The film recounts the heroism of Desmond T. Doss, an army
medic who refused to bear arms in World War Two and received the
highest U.S. military honor for saving 75 of his comrades.
"You'd have to be made of stone to not respond to the true story
of who this man was and what he did," Gibson said at the film's
Hollywood premiere.
The film starts with a love story set in Virginia's Blue Ridge
Mountains and eventually moves to the Battle of Okinawa in the
Pacific, where Doss, played by Andrew Garfield, must pick his
way through corpses and dismembered limbs to bring his comrades
to safety.
Doss' acts were "beyond heroic" and "transcendent", said
Garfield, who previously played the superhero Spider-Man.

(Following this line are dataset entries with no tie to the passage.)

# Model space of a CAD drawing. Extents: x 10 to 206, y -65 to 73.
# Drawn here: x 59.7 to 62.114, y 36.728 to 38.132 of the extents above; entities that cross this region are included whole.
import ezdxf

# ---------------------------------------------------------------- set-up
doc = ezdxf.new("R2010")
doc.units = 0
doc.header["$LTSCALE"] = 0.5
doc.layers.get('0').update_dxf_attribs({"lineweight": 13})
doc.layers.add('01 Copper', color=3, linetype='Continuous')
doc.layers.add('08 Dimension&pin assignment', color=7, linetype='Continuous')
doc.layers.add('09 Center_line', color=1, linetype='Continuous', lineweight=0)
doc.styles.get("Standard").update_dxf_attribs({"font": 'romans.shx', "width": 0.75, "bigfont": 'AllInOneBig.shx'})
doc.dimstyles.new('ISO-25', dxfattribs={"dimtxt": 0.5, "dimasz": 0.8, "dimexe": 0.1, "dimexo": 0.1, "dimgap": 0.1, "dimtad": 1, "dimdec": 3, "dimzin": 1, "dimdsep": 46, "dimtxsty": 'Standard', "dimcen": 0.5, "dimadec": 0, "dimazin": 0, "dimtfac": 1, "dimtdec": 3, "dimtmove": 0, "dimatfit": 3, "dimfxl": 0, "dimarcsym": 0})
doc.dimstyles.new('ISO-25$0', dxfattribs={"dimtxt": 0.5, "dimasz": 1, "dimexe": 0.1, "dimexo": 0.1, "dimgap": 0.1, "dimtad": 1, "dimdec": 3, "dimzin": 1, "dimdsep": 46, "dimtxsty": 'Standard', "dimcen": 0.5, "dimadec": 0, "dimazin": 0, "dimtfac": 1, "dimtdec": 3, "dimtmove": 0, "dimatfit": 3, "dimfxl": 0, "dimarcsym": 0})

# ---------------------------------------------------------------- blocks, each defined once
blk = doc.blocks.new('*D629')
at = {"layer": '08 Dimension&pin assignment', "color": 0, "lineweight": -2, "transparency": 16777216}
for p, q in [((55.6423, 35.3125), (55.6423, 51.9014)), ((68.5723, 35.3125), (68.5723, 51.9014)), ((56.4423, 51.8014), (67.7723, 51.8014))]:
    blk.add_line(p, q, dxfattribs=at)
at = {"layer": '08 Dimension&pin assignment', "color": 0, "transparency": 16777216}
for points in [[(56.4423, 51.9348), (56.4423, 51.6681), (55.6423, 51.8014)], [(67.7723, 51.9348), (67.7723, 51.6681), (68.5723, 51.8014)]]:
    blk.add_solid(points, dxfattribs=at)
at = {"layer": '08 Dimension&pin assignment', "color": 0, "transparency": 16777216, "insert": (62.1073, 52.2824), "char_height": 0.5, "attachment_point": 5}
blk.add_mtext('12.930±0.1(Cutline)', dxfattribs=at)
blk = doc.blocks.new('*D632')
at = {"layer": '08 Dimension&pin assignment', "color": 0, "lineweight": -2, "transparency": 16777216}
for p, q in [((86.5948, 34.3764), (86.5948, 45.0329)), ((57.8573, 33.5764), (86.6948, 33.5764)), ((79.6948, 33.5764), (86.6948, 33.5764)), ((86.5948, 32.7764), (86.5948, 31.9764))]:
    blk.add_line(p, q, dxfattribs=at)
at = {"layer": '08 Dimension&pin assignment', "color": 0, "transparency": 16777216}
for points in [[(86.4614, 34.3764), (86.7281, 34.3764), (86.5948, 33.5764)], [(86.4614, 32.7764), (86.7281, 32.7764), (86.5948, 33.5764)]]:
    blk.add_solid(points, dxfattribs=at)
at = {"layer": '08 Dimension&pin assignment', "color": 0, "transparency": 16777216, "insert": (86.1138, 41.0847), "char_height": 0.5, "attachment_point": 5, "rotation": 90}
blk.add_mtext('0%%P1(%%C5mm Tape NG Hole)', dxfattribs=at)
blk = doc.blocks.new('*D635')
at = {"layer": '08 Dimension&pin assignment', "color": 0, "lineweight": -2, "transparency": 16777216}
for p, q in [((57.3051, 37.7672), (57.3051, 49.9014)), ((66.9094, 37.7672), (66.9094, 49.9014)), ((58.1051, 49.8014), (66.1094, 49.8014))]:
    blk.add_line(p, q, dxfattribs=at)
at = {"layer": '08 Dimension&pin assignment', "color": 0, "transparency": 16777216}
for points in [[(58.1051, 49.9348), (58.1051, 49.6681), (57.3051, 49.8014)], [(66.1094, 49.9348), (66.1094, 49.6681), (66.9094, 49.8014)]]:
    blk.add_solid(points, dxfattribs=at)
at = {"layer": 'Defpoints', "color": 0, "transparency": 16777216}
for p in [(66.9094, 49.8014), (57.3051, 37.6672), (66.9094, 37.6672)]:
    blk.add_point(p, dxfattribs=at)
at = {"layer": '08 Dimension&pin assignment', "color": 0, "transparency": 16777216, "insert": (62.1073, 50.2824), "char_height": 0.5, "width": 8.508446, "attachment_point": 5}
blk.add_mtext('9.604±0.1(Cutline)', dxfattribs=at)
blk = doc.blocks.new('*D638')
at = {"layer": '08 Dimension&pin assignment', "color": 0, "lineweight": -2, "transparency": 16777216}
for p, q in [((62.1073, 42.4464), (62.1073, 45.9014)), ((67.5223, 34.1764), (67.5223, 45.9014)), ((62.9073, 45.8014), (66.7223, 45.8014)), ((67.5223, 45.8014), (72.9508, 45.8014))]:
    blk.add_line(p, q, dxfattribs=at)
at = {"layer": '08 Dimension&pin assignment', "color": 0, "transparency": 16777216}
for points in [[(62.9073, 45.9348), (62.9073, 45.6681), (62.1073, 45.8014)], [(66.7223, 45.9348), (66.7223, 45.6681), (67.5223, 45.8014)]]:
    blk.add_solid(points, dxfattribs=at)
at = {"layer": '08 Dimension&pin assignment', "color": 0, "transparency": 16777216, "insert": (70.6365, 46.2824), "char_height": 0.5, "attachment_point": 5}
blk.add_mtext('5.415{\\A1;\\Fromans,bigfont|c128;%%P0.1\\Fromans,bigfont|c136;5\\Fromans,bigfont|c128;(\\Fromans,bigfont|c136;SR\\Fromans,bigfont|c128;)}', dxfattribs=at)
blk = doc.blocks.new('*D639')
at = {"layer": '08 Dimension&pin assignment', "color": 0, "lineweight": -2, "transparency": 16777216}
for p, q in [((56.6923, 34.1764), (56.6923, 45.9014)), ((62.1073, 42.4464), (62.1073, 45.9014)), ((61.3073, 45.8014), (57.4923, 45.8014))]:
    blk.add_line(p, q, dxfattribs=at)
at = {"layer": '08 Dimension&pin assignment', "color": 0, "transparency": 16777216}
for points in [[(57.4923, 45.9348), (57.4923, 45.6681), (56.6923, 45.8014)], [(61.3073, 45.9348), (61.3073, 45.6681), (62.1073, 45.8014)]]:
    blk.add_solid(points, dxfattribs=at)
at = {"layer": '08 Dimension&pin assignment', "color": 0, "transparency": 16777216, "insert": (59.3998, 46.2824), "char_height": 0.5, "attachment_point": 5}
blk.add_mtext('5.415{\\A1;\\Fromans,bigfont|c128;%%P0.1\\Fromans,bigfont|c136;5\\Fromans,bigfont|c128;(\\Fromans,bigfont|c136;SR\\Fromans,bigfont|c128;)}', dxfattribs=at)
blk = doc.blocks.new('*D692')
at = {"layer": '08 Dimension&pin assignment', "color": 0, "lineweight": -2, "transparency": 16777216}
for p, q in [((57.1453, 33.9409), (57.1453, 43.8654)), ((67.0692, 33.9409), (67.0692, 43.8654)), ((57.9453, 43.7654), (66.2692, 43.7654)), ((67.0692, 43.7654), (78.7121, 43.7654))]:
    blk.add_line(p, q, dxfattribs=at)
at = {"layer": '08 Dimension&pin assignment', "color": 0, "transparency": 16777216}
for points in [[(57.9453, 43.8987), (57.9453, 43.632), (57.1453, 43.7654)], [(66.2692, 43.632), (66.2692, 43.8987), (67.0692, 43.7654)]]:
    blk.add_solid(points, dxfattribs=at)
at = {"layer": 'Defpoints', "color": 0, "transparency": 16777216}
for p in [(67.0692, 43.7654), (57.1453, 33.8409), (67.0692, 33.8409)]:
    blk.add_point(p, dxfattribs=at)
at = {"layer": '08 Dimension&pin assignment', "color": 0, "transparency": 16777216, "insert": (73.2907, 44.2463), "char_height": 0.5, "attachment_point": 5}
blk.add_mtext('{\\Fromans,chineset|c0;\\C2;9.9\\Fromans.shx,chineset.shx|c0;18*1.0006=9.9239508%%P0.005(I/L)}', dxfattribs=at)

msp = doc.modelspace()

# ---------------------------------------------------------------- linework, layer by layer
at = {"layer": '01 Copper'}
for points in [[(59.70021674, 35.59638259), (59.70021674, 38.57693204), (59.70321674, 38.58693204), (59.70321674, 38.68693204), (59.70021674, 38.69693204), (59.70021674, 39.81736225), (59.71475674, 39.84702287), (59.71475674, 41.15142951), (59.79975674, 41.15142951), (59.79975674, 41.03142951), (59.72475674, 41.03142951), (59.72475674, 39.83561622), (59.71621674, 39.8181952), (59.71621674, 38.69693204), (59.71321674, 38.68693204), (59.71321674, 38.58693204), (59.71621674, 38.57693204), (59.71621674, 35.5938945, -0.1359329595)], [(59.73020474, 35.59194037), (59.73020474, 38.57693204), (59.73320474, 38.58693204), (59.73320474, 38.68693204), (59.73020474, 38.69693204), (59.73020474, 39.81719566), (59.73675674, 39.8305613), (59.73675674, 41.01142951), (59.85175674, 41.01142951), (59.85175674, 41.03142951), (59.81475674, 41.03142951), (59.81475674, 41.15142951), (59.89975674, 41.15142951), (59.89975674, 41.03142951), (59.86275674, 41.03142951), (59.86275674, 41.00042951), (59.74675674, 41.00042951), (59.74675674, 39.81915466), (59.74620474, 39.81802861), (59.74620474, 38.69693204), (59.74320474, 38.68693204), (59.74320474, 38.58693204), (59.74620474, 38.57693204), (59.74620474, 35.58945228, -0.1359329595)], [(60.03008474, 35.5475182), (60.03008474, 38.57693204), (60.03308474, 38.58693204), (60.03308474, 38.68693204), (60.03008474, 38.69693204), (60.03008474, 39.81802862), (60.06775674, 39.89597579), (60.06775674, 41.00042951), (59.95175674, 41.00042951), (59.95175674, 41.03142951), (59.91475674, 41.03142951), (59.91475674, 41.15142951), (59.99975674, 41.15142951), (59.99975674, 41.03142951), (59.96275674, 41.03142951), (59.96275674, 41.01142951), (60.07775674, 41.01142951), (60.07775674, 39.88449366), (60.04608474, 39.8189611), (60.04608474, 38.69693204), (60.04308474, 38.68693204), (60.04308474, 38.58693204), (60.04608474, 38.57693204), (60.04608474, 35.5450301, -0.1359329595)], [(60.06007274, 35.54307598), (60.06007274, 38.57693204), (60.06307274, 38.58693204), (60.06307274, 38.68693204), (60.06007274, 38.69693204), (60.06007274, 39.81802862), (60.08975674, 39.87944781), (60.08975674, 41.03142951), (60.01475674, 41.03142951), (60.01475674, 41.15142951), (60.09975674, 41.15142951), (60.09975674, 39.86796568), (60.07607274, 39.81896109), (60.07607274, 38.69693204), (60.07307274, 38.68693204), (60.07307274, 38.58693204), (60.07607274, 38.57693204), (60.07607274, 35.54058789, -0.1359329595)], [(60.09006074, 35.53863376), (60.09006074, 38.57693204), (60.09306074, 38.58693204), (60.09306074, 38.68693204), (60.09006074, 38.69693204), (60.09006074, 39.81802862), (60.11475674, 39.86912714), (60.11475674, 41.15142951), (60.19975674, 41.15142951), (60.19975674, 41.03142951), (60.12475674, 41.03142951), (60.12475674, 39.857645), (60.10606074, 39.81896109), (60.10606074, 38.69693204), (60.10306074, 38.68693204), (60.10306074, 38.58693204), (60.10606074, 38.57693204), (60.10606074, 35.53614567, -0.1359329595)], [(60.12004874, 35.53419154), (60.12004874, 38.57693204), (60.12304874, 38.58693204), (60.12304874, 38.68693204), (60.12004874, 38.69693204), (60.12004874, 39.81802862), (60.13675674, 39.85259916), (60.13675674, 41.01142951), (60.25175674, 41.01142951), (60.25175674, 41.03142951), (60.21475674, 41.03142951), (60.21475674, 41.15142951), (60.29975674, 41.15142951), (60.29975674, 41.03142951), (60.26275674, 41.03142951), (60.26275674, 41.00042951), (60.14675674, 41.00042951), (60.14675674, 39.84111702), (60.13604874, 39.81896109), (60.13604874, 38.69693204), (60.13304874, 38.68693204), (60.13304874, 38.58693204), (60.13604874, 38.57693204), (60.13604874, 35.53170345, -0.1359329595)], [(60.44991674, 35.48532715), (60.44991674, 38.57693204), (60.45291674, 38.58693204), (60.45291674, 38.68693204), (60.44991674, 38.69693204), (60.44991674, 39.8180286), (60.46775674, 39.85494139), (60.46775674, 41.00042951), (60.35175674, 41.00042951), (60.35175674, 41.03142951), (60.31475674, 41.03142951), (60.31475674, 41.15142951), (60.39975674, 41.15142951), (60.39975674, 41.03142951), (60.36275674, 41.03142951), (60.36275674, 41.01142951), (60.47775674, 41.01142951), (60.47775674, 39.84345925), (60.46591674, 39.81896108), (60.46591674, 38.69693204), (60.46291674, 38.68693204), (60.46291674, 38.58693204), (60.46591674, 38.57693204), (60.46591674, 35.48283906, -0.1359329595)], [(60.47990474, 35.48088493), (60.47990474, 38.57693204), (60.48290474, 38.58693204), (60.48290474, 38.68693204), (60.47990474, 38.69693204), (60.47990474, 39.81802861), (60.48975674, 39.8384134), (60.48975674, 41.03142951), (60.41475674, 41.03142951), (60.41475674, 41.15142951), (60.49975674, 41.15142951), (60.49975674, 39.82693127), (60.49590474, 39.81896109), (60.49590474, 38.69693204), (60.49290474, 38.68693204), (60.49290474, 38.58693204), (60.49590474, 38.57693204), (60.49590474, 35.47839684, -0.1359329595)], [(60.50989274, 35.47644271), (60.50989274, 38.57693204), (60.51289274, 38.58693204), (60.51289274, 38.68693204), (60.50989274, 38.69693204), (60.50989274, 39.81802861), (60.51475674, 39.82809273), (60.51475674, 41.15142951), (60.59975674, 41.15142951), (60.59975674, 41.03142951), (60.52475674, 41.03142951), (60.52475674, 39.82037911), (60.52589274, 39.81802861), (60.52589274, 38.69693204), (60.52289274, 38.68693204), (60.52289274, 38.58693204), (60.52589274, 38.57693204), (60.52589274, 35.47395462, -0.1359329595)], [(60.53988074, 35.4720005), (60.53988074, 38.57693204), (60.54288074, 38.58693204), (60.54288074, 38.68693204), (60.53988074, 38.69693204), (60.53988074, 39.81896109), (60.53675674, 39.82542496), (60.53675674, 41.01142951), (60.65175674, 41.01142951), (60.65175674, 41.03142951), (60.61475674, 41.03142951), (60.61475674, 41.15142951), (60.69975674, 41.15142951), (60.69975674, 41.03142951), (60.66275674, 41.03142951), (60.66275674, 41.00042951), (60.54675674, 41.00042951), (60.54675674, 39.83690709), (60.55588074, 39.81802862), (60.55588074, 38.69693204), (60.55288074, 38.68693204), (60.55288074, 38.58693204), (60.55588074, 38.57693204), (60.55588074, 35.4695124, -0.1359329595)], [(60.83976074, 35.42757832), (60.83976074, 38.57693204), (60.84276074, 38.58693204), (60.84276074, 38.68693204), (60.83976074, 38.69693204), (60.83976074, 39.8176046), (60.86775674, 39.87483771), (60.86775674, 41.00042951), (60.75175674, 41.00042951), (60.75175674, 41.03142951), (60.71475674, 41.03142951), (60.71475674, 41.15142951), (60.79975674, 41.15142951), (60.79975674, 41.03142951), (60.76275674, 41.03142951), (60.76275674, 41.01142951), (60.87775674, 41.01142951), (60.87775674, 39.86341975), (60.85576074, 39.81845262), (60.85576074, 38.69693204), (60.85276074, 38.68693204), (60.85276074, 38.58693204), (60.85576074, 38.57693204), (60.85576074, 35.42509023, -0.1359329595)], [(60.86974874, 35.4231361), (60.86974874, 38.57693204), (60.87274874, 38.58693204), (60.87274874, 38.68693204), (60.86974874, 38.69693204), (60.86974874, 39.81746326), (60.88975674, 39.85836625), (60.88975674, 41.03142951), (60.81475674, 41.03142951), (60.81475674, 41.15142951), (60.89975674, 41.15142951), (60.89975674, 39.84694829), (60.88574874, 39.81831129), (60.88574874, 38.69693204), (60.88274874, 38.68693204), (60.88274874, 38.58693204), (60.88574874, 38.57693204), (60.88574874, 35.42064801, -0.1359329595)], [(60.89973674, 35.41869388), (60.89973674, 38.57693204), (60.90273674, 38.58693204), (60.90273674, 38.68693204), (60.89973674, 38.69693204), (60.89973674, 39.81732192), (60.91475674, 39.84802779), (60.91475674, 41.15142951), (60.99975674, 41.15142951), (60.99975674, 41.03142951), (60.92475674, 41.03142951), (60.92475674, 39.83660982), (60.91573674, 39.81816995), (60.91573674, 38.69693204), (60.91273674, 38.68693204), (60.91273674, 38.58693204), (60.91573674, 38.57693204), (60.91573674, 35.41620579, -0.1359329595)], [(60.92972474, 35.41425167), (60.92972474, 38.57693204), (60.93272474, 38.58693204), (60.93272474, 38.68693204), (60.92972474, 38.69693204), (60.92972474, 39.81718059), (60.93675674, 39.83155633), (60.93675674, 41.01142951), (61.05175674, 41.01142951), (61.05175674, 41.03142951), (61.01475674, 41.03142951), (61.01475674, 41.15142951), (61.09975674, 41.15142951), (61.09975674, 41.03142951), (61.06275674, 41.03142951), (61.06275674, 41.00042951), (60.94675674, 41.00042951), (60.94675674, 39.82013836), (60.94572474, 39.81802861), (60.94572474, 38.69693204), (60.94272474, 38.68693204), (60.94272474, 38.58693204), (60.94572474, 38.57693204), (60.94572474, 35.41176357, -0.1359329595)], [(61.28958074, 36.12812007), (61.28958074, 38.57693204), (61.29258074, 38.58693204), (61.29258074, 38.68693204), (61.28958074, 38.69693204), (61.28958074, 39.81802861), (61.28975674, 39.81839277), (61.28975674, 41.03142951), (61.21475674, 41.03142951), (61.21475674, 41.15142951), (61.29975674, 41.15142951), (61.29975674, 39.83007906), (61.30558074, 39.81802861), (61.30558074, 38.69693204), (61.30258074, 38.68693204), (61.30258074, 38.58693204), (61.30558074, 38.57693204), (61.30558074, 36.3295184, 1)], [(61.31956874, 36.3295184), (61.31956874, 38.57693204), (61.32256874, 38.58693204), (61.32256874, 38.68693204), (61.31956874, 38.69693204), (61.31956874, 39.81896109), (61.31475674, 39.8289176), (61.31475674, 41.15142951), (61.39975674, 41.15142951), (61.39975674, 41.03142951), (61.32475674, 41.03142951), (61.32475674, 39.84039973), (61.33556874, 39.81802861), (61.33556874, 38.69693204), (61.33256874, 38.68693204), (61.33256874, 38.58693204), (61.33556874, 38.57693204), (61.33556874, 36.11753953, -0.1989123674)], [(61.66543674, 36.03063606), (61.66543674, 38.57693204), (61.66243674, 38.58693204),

"It's an impossible thing to live up to but I can try to capture
his essence," added Garfield, who said he cried when he first
read the screenplay.
"Hacksaw Ridge", set for release in the United States on Nov 4,
could put Gibson back in the spotlight.
Gibson won acclaim after directing box office hits such as Oscar
winner "Braveheart" and "The Passion of the Christ".
However, in 2006 he was arrested for drunk driving and
unleashing an anti-Semitic tirade, and in 2010 he was recorded
using racist slurs while verbally sparring with then girlfriend
Oksana Grigorieva.
(Reporting by Reuters Television; Writing by Karishma Singh
Editing by Darren Schuettler)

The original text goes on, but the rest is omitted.